The input –
=== Begin Enclosure ===

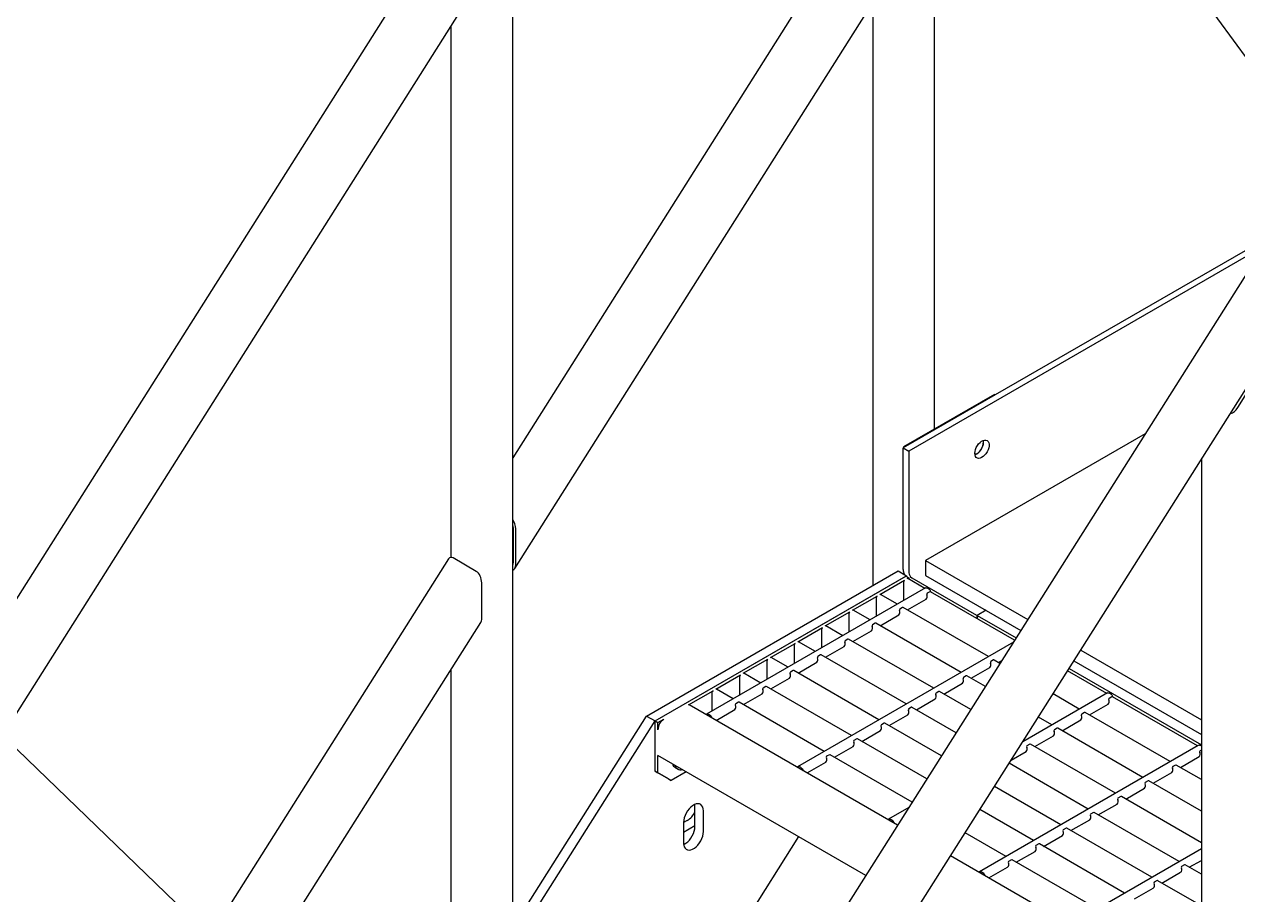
# Model space of a CAD drawing. Header units: millimetres. Extents: x 0 to 55611, y 0 to 32827.
# Drawn here: x 30493 to 31260, y 11091 to 11641 of the extents above; entities that cross this region are included whole.
import ezdxf

# ---------------------------------------------------------------- set-up
doc = ezdxf.new("R2010")
doc.units = ezdxf.units.MM
doc.header["$LTSCALE"] = 10
doc.linetypes.add('SLD-Continua', pattern=[0])
doc.layers.add('STRUC', color=5, linetype='SLD-Continua')
doc.styles.add('1', font='romans.shx', dxfattribs={"height": 125})
doc.dimstyles.new('50', dxfattribs={"dimscale": 0, "dimtxt": 125, "dimasz": 125, "dimexe": 125, "dimexo": 125, "dimgap": 50, "dimtad": 1, "dimdec": 0, "dimlfac": 49.861111, "dimzin": 1, "dimtxsty": '1', "dimcen": 2.5, "dimclrd": 1, "dimclre": 1, "dimadec": 0, "dimazin": 0, "dimtfac": 1, "dimtdec": 0, "dimtmove": 0, "dimatfit": 3, "dimfxl": 1, "dimtzin": 1, "dimarcsym": 0})

msp = doc.modelspace()

# ---------------------------------------------------------------- linework, layer by layer
at = {"layer": 'STRUC', "linetype": 'SLD-Continua', "lineweight": 25}
for p, q in [((31068.36, 11385.04), (31068.36, 12018.31)), ((30930.87, 11977.73), (29610.16, 9889.55)), ((29649.06, 9878.75), (30958.16, 11948.58)), ((31405.02, 11704.01), (30084.32, 9615.83)), ((30801.83, 11075.67), (30801.83, 11699.99)), ((31008.36, 11693.53), (30801.83, 11367)), ((30803.22, 11296.88), (31047.32, 11682.84)), ((30123.21, 9605.02), (31432.32, 11674.85)), ((31029.3, 11654.34), (31029.3, 11286.28)), ((30762.77, 11639.64), (30762.77, 11303.99)), ((31280.4, 11506.96), (31048.56, 11373.13)), ((31276.27, 11500.43), (31052.15, 11371.05)), ((31259.91, 11398.66), (31274.56, 11421.83)), ((31106.3, 11406.94), (31048.83, 11373.76)), ((31106.72, 11406.7), (31106.3, 11406.94)), ((31201.4, 11382.05), (31062.7, 11301.99)), ((31099.21, 11377.03), (31099.13, 11377.93)), ((31048.56, 11296.36), (31048.56, 11373.13)), ((31048.56, 11373.13), (31052.15, 11371.05)), ((31049.24, 11373.52), (31048.83, 11373.76)), ((31048.83, 11373.76), (31048.83, 11373.28)), ((31052.15, 11371.05), (31052.15, 11294.29)), ((31236.92, 11365.92), (31236.92, 11030.27)), ((30802.13, 11322.99), (30802.13, 11300.56)), ((30803.85, 11299.57), (30803.85, 11321.99)), ((30761.38, 11303.04), (30161.44, 10354.47)), ((30778.85, 11295.18), (30764.2, 11303.64)), ((31062.7, 11301.99), (31062.7, 11292.65)), ((31062.7, 11301.99), (31127.21, 11264.75)), ((30886.36, 11203.76), (31045.32, 11295.53)), ((31045.32, 11295.53), (31050.7, 11292.41)), ((31048.83, 11294.27), (31048.83, 11293.5)), ((31062.7, 11292.65), (31122.88, 11257.91)), ((30782.3, 11265.49), (30782.3, 11287.91)), ((30891.75, 11200.65), (31050.7, 11292.41)), ((30891.75, 11200.65), (31050.25, 11292.15)), ((31033.87, 11280.62), (31049.35, 11289.56)), ((31048.9, 11276.8), (31048.9, 11288.78)), ((31050.25, 11292.15), (31052.05, 11291.11)), ((31050.7, 11292.41), (31050.7, 11291.89)), ((31051.15, 11290.59), (31052.05, 11291.11)), ((31062.16, 11284.45), (31051.47, 11290.63)), ((31052.05, 11291.11), (31052.05, 11290.29)), ((31053.95, 11291.18), (31094.81, 11267.59)), ((31062.58, 11284.69), (30924.37, 11204.91)), ((31016.6, 11270.65), (31032.08, 11279.58)), ((31031.63, 11266.82), (31031.63, 11278.81)), ((31044.89, 11274.48), (31034.19, 11280.65)), ((31051.24, 11270.81), (31063.06, 11277.64)), ((31065.45, 11282.34), (31063.65, 11281.3)), ((31118.94, 11251.67), (31065.87, 11282.31)), ((30999.32, 11260.67), (31014.8, 11269.61)), ((31027.61, 11264.5), (31016.91, 11270.68)), ((31048.17, 11272.36), (31046.38, 11271.33)), ((31102.36, 11241.3), (31048.59, 11272.34)), ((31100.91, 11270.59), (31095.26, 11267.33)), ((30162.82, 10284.35), (30781.66, 11262.81)), ((31014.35, 11256.85), (31014.35, 11268.83)), ((31030.9, 11262.39), (31029.1, 11261.35)), ((31085.08, 11231.33), (31031.32, 11262.36)), ((31033.96, 11260.84), (31045.79, 11267.67)), ((31095.26, 11265.35), (31095.26, 11267.33)), ((31095.26, 11267.33), (31119.86, 11253.13)), ((31095.26, 11266.81), (31095.26, 11265.35)), ((30982.04, 11250.7), (30997.52, 11259.64)), ((30997.07, 11246.88), (30997.07, 11258.86)), ((31010.33, 11254.53), (30999.64, 11260.71)), ((31016.68, 11250.87), (31028.51, 11257.69)), ((30964.77, 11240.73), (30980.25, 11249.66)), ((30979.8, 11236.9), (30979.8, 11248.89)), ((31118.14, 11250.41), (30981.85, 11171.73)), ((30993.06, 11244.56), (30982.36, 11250.73)), ((30999.41, 11240.89), (31011.23, 11247.72)), ((31013.62, 11252.42), (31011.83, 11251.38)), ((31067.81, 11221.35), (31014.04, 11252.39)), ((30947.49, 11230.76), (30962.97, 11239.69)), ((30975.78, 11234.58), (30965.09, 11240.76)), ((30996.35, 11242.45), (30994.55, 11241.41)), ((31050.53, 11211.38), (30996.77, 11242.42)), ((31105.65, 11239.19), (31103.85, 11238.15)), ((31109.7, 11237.06), (31106.07, 11239.16)), ((31160.71, 11245.41), (31236.92, 11201.41)), ((30762.77, 11232.93), (30762.77, 11008.35)), ((30962.52, 11226.93), (30962.52, 11238.91)), ((30979.07, 11232.47), (30977.27, 11231.44)), ((31033.26, 11201.41), (30979.49, 11232.44)), ((30982.13, 11230.92), (30993.96, 11237.75)), ((31091.43, 11227.66), (31103.26, 11234.49)), ((31108.71, 11237.63), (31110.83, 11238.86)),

=== End Enclosure ===

Where the material contains a line with "units", return that line.

# Model space of a CAD drawing. Header units: millimetres. Extents: x 0 to 55611, y 0 to 32827.
doc.units = ezdxf.units.MM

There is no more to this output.